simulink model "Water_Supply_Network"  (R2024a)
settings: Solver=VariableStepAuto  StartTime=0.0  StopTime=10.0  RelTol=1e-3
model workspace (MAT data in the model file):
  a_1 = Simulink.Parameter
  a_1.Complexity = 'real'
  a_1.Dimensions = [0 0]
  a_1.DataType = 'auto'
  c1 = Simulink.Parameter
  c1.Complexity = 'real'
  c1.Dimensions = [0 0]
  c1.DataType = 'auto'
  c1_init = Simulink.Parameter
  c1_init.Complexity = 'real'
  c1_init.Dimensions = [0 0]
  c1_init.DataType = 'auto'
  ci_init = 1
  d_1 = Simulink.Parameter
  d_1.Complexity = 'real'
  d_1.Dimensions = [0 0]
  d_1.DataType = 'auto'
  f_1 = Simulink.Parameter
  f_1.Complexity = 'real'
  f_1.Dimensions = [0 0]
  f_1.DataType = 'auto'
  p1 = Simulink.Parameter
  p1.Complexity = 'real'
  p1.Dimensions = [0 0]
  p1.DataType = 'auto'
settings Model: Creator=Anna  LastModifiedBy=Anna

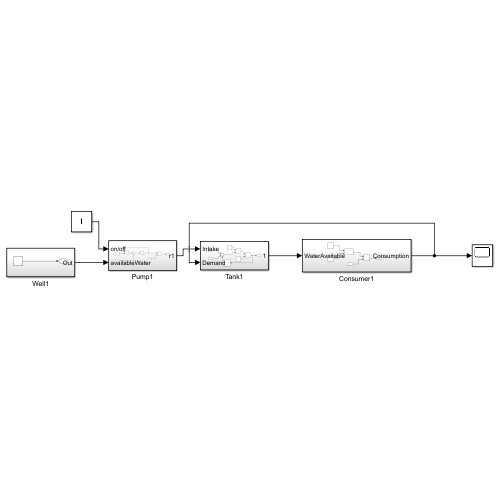
[thumbnail: Simulink's stored preview of the top-level diagram]
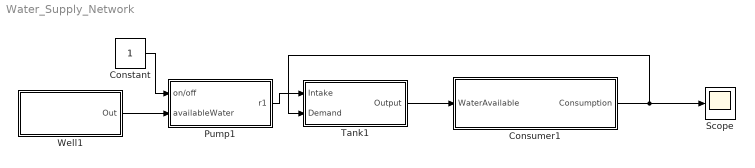
== system Water_Supply_Network ==
  Constant : Constant
  Consumer1 : Subsystem
  Pump1 : Subsystem
  Scope : Scope
  Tank1 : Subsystem
  Well1 : Subsystem
  wires:
  Well1/1(Out) -> Pump1/2(availableWater)
  Tank1/1(Output) -> Consumer1/1(WaterAvailable)
  Consumer1/1(Consumption) -> Scope/1, Tank1/2(Demand)
  Pump1/1(r1) -> Tank1/1(Intake)
  Constant/1 -> Pump1/1(on/off)

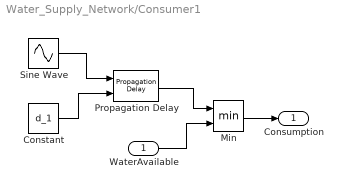
== system Water_Supply_Network/Consumer1 ==
  WaterAvailable : Inport
  Constant : Constant  Value=d_1
  Min : MinMax  Inputs=2
  Propagation Delay : PropagationDelay  InitialOutput=a_1
  Sine Wave : Sin  Amplitude=a_1  Bias=a_1  Frequency=f_1  SampleTime=0
  Consumption : Outport
  wires:
  Sine Wave/1 -> Propagation Delay/1
  Constant/1 -> Propagation Delay/2
  WaterAvailable/1 -> Min/2
  Min/1 -> Consumption/1
  Propagation Delay/1 -> Min/1

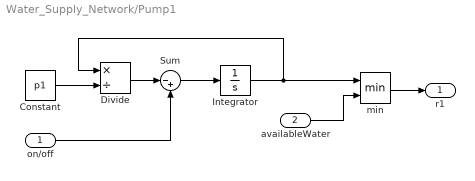
== system Water_Supply_Network/Pump1 ==
  on/off : Inport  OutDataTypeStr=boolean
  availableWater : Inport  Port=2
  Constant : Constant  Value=p1
  Divide : Product  Inputs=*/
  Integrator : Integrator
  Sum : Sum  Inputs=|-+
  min : MinMax  Inputs=2
  r1 : Outport
  wires:
  on/off/1 -> Sum/2
  Sum/1 -> Integrator/1
  Integrator/1 -> Divide/1, min/1
  Constant/1 -> Divide/2
  Divide/1 -> Sum/1
  availableWater/1 -> min/2
  min/1 -> r1/1

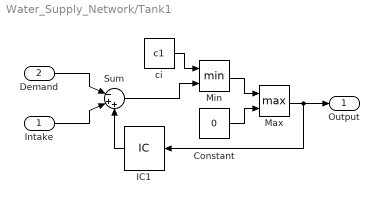
== system Water_Supply_Network/Tank1 ==
  Intake : Inport
  Demand : Inport  Port=2
  Constant : Constant  Value=0
  IC1 : InitialCondition  Value=c1_init
  Max : MinMax  Function=max  Inputs=2
  Min : MinMax  Inputs=2
  Sum : Sum  Inputs=|-++
  ci : Constant  Value=c1
  Output : Outport
  wires:
  Intake/1 -> Sum/2
  Sum/1 -> Min/2
  ci/1 -> Min/1
  Demand/1 -> Sum/1
  IC1/1 -> Sum/3
  Min/1 -> Max/1
  Constant/1 -> Max/2
  Max/1 -> IC1/1, Output/1

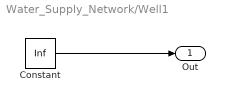
== system Water_Supply_Network/Well1 ==
  Constant : Constant  Value=Inf
  Out : Outport
  wires:
  Constant/1 -> Out/1
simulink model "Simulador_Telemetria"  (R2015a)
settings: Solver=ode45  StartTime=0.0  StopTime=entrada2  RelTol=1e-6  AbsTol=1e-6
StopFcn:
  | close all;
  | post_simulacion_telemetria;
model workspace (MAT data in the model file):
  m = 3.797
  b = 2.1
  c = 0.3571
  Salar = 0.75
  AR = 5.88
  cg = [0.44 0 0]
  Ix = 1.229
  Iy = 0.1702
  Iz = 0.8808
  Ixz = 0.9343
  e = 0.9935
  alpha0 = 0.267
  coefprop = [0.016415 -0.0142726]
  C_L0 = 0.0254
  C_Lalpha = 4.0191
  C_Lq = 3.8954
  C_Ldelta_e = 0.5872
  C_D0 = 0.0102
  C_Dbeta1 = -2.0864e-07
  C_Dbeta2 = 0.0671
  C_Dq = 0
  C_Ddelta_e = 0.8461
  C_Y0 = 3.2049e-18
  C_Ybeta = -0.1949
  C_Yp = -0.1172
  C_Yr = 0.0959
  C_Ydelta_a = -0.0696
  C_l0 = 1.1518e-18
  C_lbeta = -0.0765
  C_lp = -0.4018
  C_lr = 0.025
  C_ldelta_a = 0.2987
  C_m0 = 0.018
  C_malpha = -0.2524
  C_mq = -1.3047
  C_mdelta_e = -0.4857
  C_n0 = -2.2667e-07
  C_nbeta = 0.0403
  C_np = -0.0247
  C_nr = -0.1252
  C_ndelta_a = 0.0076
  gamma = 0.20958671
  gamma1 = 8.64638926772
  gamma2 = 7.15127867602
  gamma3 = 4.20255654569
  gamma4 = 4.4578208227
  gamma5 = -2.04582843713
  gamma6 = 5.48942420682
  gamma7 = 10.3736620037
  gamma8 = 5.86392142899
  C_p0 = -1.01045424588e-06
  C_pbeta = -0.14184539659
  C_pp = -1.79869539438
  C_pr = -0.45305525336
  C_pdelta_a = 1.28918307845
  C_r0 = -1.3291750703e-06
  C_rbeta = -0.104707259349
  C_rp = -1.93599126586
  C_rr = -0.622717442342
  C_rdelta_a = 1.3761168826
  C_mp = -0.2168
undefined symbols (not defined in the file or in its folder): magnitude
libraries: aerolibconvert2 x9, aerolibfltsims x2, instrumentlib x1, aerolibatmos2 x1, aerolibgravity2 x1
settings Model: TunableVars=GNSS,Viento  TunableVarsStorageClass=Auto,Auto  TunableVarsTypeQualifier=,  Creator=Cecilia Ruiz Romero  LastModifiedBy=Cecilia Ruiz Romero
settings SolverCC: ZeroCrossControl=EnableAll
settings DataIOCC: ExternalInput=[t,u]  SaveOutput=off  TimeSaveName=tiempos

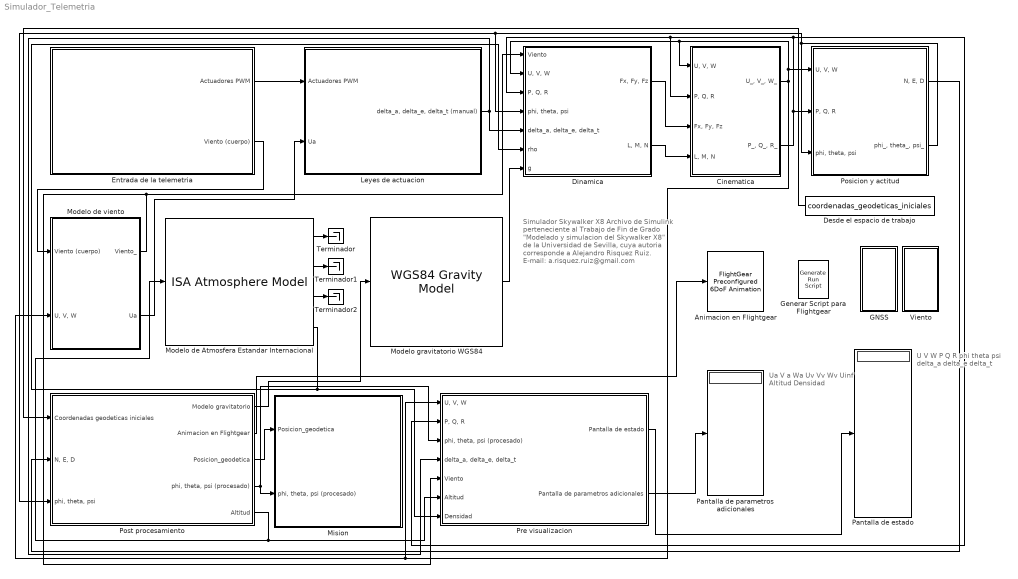
== system Simulador_Telemetria ==
  note: U
      | V
      | W
      | P
      | Q
      | R
      | phi
      | theta
      | psi
      | delta_a
      | delta_e
      | delta_t
  note: Ua
      | V a
      | Wa
      | Uv
      | Vv
      | Wv
      | Uinf
      | Altitud
      | Densidad
  note: Simulador Skywalker X8
      |
      | Archivo de Simulink perteneciente al Trabajo de Fin de Grado "Modelado y simulacion del Skywalker X8" de la Universidad de Sevilla, cuya autoria corresponde a Alejandro Risquez Ruiz.
      |
      | E-mail: a.risquez.ruiz@gmail.com
  Animacion en Flightgear : aerolibfltsims/FlightGear Preconfigured 6DoF Animation  xFlightGearVersion=v3.0  DestinationIpAddress=192.168.1.33  DestinationPort=5502  SampleTime=1/30
  Cinematica : Subsystem
  Desde el espacio de trabajo : FromWorkspace  VariableName=coordenadas_geodeticas_iniciales
  Dinamica : Subsystem
  Entrada de la telemetria : Subsystem
  GNSS : Subsystem  DialogController=hmiCreateDDGDialog  IsWebBlock=on  mask(MathWorksWebBlock){webBlockId=2f82c36a-ef1f-4a61-96ee-8f2028b7861b, webBlockType=toggleswitch, ShowInLibBrowser=on, ShowInitialText=on, HMISrcModelName=Simulador_Telemetria}
      mask prompts: webBlockId "WebBlock Id"; webBlockType "WebBlock Type"; HMISrcModelName "Source Model"
      mask Help: helpview([docroot '/mapfiles/simulink.map'], 'hmi_toggle_switch')
      mask Display:
      | if strcmp(get_param(bdroot(gcb),'BlockDiagramType'), 'library')
      |     image([(matlabroot) '/toolbox/simulink/hmi/icons/ToggleSwitch.png']);
      | end
  Generar Script para Flightgear : aerolibfltsims/Generate Run Script  OutputFileName=Flightgear_simulador.bat  FlightGearBaseDirectory=C:\Program Files\FlightGear  GeometryModelName=Malolo1  DestinationPort=5502  OriginAddress=192.168.1.34  OriginPort=5505  LocalAddress=192.168.1.35  AirportId=LEZL  RunwayId=27  InitialAltitude=328  InitialHeading=270  OffsetDistance=0  OffsetAzimuth=0  GenerateFile=off  Architecture=Win64  dataFlow=Receive
  Leyes de actuacion : Subsystem
  Mision : Subsystem
  Modelo de Atmosfera Estandar Internacional : aerolibatmos2/ISA Atmosphere Model  custom=off  g=9.80665  gamma=1.4  R=287.0531  L=0.0065  h_trop=11000  h_strat=20000  rho0=1.225  P0=101325  T0=288.15  h0=0
  Modelo de viento : Subsystem
  Modelo gravitatorio WGS84 : aerolibgravity2/WGS84 Gravity Model   model=WGS84 Taylor Series  units=Metric (MKS)  no_atmos=on  precessing=on  jd_loc=off  month=October  day=10  year=2004  no_centrifugal=on  action=Warning
  Pantalla de estado : Display
  Pantalla de parametros adicionales : Display
  Posicion y actitud : Subsystem
  Post procesamiento : Subsystem
  Pre visualizacion : Subsystem
  Terminador : Terminator
  Terminador1 : Terminator
  Terminador2 : Terminator
  Viento : Subsystem  DialogController=hmiCreateDDGDialog  IsWebBlock=on  mask(MathWorksWebBlock){webBlockId=de649073-e8b6-4552-a188-ccf5b7e05afd, webBlockType=toggleswitch, ShowInLibBrowser=on, ShowInitialText=on, HMISrcModelName=Simulador_Telemetria}
      mask prompts: webBlockId "WebBlock Id"; webBlockType "WebBlock Type"; HMISrcModelName "Source Model"
      mask Help: helpview([docroot '/mapfiles/simulink.map'], 'hmi_toggle_switch')
      mask Display:
      | if strcmp(get_param(bdroot(gcb),'BlockDiagramType'), 'library')
      |     image([(matlabroot) '/toolbox/simulink/hmi/icons/ToggleSwitch.png']);
      | end
  wires:
  Modelo de Atmosfera Estandar Internacional/1 -> Terminador/1
  Modelo de Atmosfera Estandar Internacional/2 -> Terminador1/1
  Modelo de Atmosfera Estandar Internacional/3 -> Terminador2/1
  Post procesamiento/5(Altitud) -> Modelo de Atmosfera Estandar Internacional/1, Pre visualizacion/6(Altitud)
  Cinematica/1("U_, V_, W_") -> Modelo de viento/2("U, V, W"), Pre visualizacion/1("U, V, W"), Dinamica/2("U, V, W"), Cinematica/1("U, V, W"), Posicion y actitud/1("U, V, W")
  Modelo de viento/1(Viento_) -> Pre visualizacion/5(Viento), Dinamica/1(Viento)
  Modelo de Atmosfera Estandar Internacional/4 -> Pre visualizacion/7(Densidad), Dinamica/6(rho)
  Cinematica/2("P_, Q_, R_") -> Dinamica/3("P, Q, R"), Cinematica/2("P, Q, R"), Pre visualizacion/2("P, Q, R"), Posicion y actitud/2("P, Q, R")
  Posicion y actitud/2("phi_, theta_, psi_") -> Posicion y actitud/3("phi, theta, psi"), Post procesamiento/3("phi, theta, psi"), Dinamica/4("phi, theta, psi")
  Dinamica/1("Fx, Fy, Fz") -> Cinematica/3("Fx, Fy, Fz")
  Dinamica/2("L, M, N") -> Cinematica/4("L, M, N")
  Posicion y actitud/1("N, E, D") -> Post procesamiento/2("N, E, D")
  Post procesamiento/2(Animacion en Flightgear) -> Animacion en Flightgear/1
  Post procesamiento/3(Posicion_geodetica) -> Mision/1(Posicion_geodetica)
  Post procesamiento/4("phi, theta, psi (procesado)") -> Mision/2("phi, theta, psi (procesado)"), Pre visualizacion/3("phi, theta, psi (procesado)")
  Pre visualizacion/1(Pantalla de estado) -> Pantalla de estado/1
  Pre visualizacion/2(Pantalla de parametros adicionales) -> Pantalla de parametros adicionales/1
  Modelo de viento/2(Ua) -> Leyes de actuacion/2(Ua)
  Modelo gravitatorio WGS84/1 -> Dinamica/7(g)
  Post procesamiento/1(Modelo gravitatorio) -> Modelo gravitatorio WGS84/1
  Leyes de actuacion/1("delta_a, delta_e, delta_t (manual)") -> Dinamica/5("delta_a, delta_e, delta_t"), Pre visualizacion/4("delta_a, delta_e, delta_t")
  Entrada de la telemetria/1(Actuadores PWM) -> Leyes de actuacion/1(Actuadores PWM)
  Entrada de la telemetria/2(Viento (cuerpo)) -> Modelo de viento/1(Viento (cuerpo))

Work order:
In which lines of the material above does the string "Demand" occur? Copy them all.

Written response:
  Consumer1/1(Consumption) -> Scope/1, Tank1/2(Demand)
  Demand : Inport  Port=2
  Demand/1 -> Sum/1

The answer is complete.